All the years I thought I'd never be able to have children, and now I have to face the fact that even at 2 months old, my baby boy is starting to grow up. It's almost depressing! He's been sleeping so well, I just shrugged it off when he woke up after 3 hours last night and wanted to be fed again. I say again, because just 3 hours earlier, while at grandpa's, he ate a 5 oz bm bottle, and 8 oz of formula in just 2 hours, which is very unlike him. He usually only eats about 25 to 30 oz a day of bm. I felt bad for giving him formula, but I think everyone knows how things go when grandparents start playing with their grand-babies :D
G woke up last night at 10pm, 1am, 4am, and just a short while ago at almost 7am, each time finishing off a 5 ounce bm bottle! I don't know where it's going, but it's making me sad. Thankfully I'm still making enough milk for him.

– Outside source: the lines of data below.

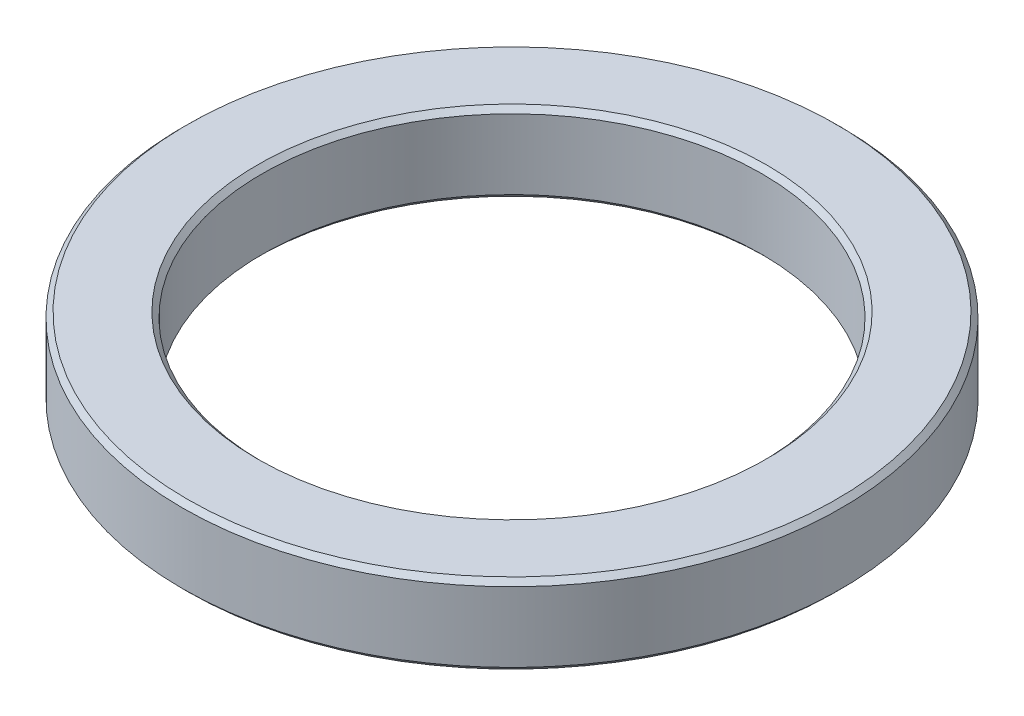
from build123d import *

# Parameters (mm, degrees)
SKETCH_2_R      = 33
SKETCH_2_R_2    = 25
EXTRUDE_1_DEPTH = 4
CHAMFER_1_SIZE  = 0.5


with BuildPart() as part:
    # 草图2 → 凸台-拉伸1 (new, symmetric)
    with BuildSketch(Plane(origin=(0, 0, 0), x_dir=(1, 0, 0), z_dir=(0, 1, 0))):
        with Locations(Location((0, 0, 0), (0, 0, 270))):
            Circle(SKETCH_2_R)
        with Locations(Location((0, 0, 0), (0, 0, 270))):
            Circle(SKETCH_2_R_2, mode=Mode.SUBTRACT)
    extrude(amount=EXTRUDE_1_DEPTH, both=True)

    # 倒角1
    chamfer_1_edges = [part.edges().sort_by_distance(p)[0] for p in [
        (0, -4, -33),
        (0, 4, -33),
        (0, -4, -25),
        (0, 4, -25),
    ]]
    chamfer(chamfer_1_edges, length=CHAMFER_1_SIZE)


solid = part.part
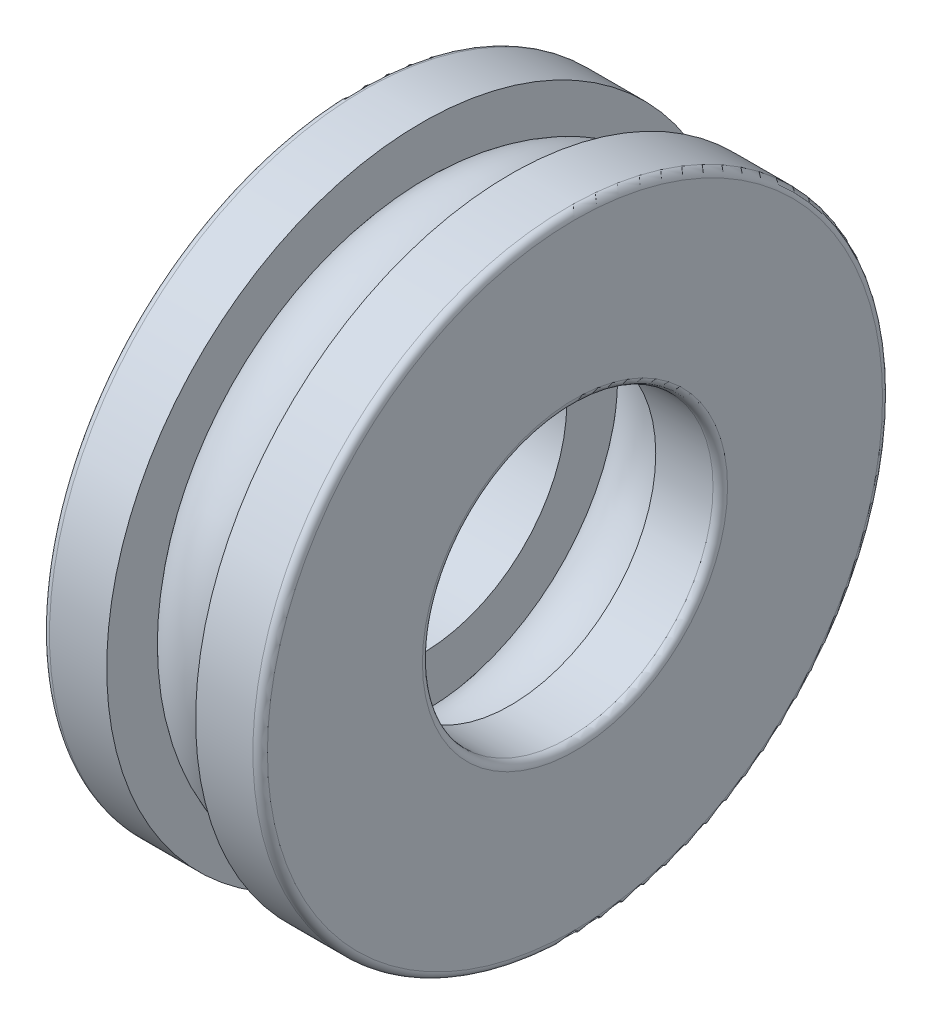
from build123d import *

# Parameters (mm, degrees)
BALSIMSKE_R = 2.295


with BuildPart() as part:
    # InnRacSke → Race (revolve)
    with BuildSketch(Plane.XY, mode=Mode.PRIVATE) as race_sk:
        with BuildLine():
            Line((-1.836, 8.165082774), (-1.836, 6))
            Line((-1.836, 6), (-4.2, 6))
            ThreePointArc((-4.2, 6), (-4.412132034, 6.087867966), (-4.5, 6.3))
            Line((-4.5, 6.3), (-4.5, 12.7))
            ThreePointArc((-4.5, 12.7), (-4.412132034, 12.912132034), (-4.2, 13))
            Line((-4.2, 13), (-1.836, 13))
            Line((-1.836, 13), (-1.836, 10.834917226))
            ThreePointArc((-1.836, 10.834917226), (-2.27, 9.5), (-1.836, 8.165082774))
        make_face()
    race = revolve(race_sk.sketch.rotate(Axis((-34.925, 0, 0), (1, 0, 0)), 270), axis=Axis((-34.925, 0, 0), (1, 0, 0)))

    # BalSimSke → BallsSimplified (revolve)
    with BuildSketch(Plane.XY, mode=Mode.PRIVATE) as ballssimplified_sk:
        with Locations((0, 9.5)):
            Circle(BALSIMSKE_R)
    revolve(ballssimplified_sk.sketch.rotate(Axis((-25.4, 0, 0), (1, 0, 0)), 90), axis=Axis((-25.4, 0, 0), (1, 0, 0)))

    # Mirror1: Race across plane
    add(race.mirror(Plane(origin=(0, 0, 0), x_dir=(0, 0, 1), z_dir=(1, 0, 0))))


solid = part.part
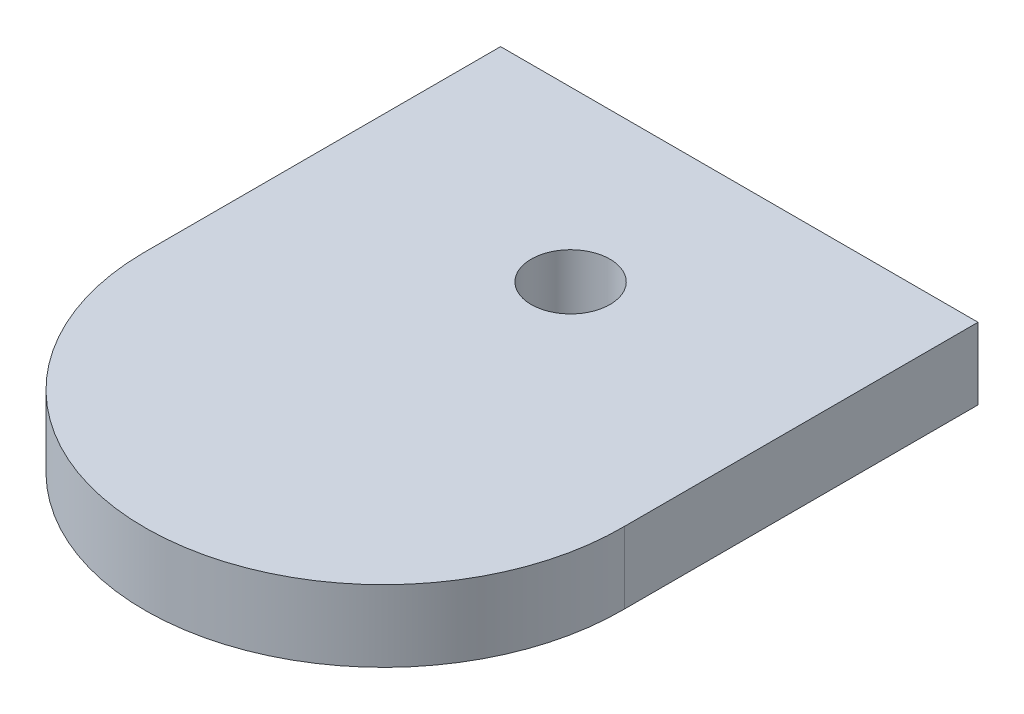
from build123d import *

# Parameters (mm, degrees)
SKETCH_1_R      = 1.65
EXTRUDE_1_DEPTH = 3


with BuildPart() as part:
    # 草图1 → 凸台-拉伸1 (new body)
    with BuildSketch(Plane(origin=(0, 0, 0), x_dir=(1, 0, 0), z_dir=(0, 1, 0))):
        with BuildLine():
            Line((10, 0.098814229), (10, 14.901185771))
            Line((10, 14.901185771), (-10, 14.901185771))
            Line((-10, 14.901185771), (-10, -0.098814229))
            ThreePointArc((-10, -0.098814229), (0.098814229, -10), (10, 0.098814229))
        make_face()
        with Locations(Location((0, 7.833913126, 0), (0, 0, 270))):
            Circle(SKETCH_1_R, mode=Mode.SUBTRACT)
    extrude(amount=EXTRUDE_1_DEPTH)


solid = part.part
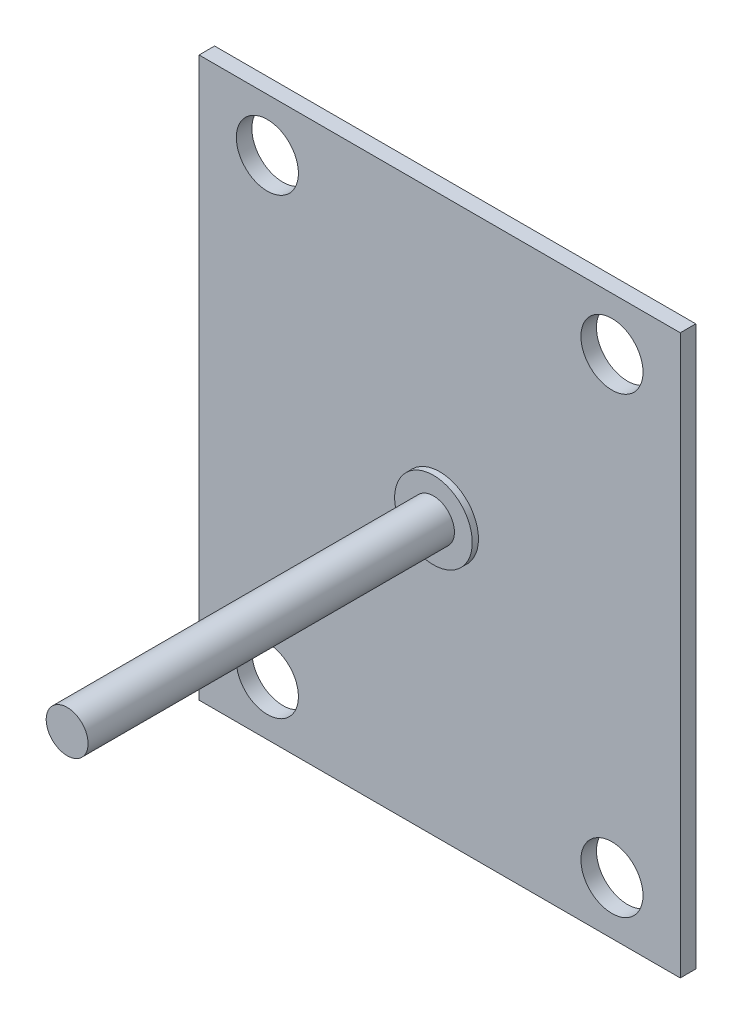
from build123d import *

# Parameters (mm, degrees)
SKETCH1_W           = 155
SKETCH1_H           = 180
SKETCH1_R           = 10
SKETCH1_R_2         = 12.5
BOSS_EXTRUDE1_DEPTH = 5
SKETCH1_3_R         = 12.5
SKETCH1_3_R_2       = 6.75
BOSS_EXTRUDE2_DEPTH = 7
SKETCH1_4_R         = 6.75
BOSS_EXTRUDE3_DEPTH = 125
SKETCH1_5_R         = 5.75
CUT_EXTRUDE1_DEPTH  = 120
SKETCH2_W           = 6
SKETCH2_H           = 3.022470888
CUT_EXTRUDE2_DEPTH  = 80


with BuildPart() as part:
    # Sketch1 → Boss-Extrude1 (new body)
    with BuildSketch(Plane.XY):
        Rectangle(SKETCH1_W, SKETCH1_H)
        with Locations((-55.5, -73)):
            Circle(SKETCH1_R, mode=Mode.SUBTRACT)
        with Locations((55.5, -73)):
            Circle(SKETCH1_R, mode=Mode.SUBTRACT)
        Circle(SKETCH1_R_2, mode=Mode.SUBTRACT)
        with Locations((-55.5, 73)):
            Circle(SKETCH1_R, mode=Mode.SUBTRACT)
        with Locations((55.5, 73)):
            Circle(SKETCH1_R, mode=Mode.SUBTRACT)
    extrude(amount=BOSS_EXTRUDE1_DEPTH)

    # Sketch1<3> → Boss-Extrude2 (add)
    with BuildSketch(Plane.XY):
        Circle(SKETCH1_3_R)
        Circle(SKETCH1_3_R_2, mode=Mode.SUBTRACT)
    extrude(amount=BOSS_EXTRUDE2_DEPTH)

    # Sketch1<4> → Boss-Extrude3 (add)
    with BuildSketch(Plane.XY):
        Circle(SKETCH1_4_R)
    extrude(amount=BOSS_EXTRUDE3_DEPTH)

    # Sketch1<5> → Cut-Extrude1 (cut)
    with BuildSketch(Plane.XY):
        Circle(SKETCH1_5_R)
    extrude(amount=CUT_EXTRUDE1_DEPTH, mode=Mode.SUBTRACT)

    # Sketch2 → Cut-Extrude2 (cut)
    with BuildSketch(Plane.XY.offset(15)):
        with Locations((0, -6.75)):
            Rectangle(SKETCH2_W, SKETCH2_H)
    extrude(amount=CUT_EXTRUDE2_DEPTH, mode=Mode.SUBTRACT)


solid = part.part

I never thought I'd be one of those women who would actually feel guilty just because they couldn't breastfeed. I mean really, as long as your baby is healthy that should be all that matters, right? Well, when I stopped nursing and started exclusively pumping, J could swear it was the end of the world for me. Nursing had gone great right from day one in the hospital. I never thought that closeness I felt with G could get any closer, but with nursing it did. Then a few weeks after we brought G home we had to move and J started a OTR job, and between all of that, nursing was just becoming too stressful, I really think for the both of us. When I stopped nursing I honest to goodness thought that closeness (for some reason) would just disappear. I didn't realize how silly I was being. I had been pumping and freezing milk since we brought G home, and had a pretty decent stash built up already by the time I started exclusively pumping. I have noticed though, since only pumping, that I haven't gotten the opportunity to freeze milk. But I've got about 400 ounces stashed away, and I make plenty to feed him during the day with a bottle or two left over for the next day, so I feel pretty confident in my supply. I just hope now I'm able to keep up with him!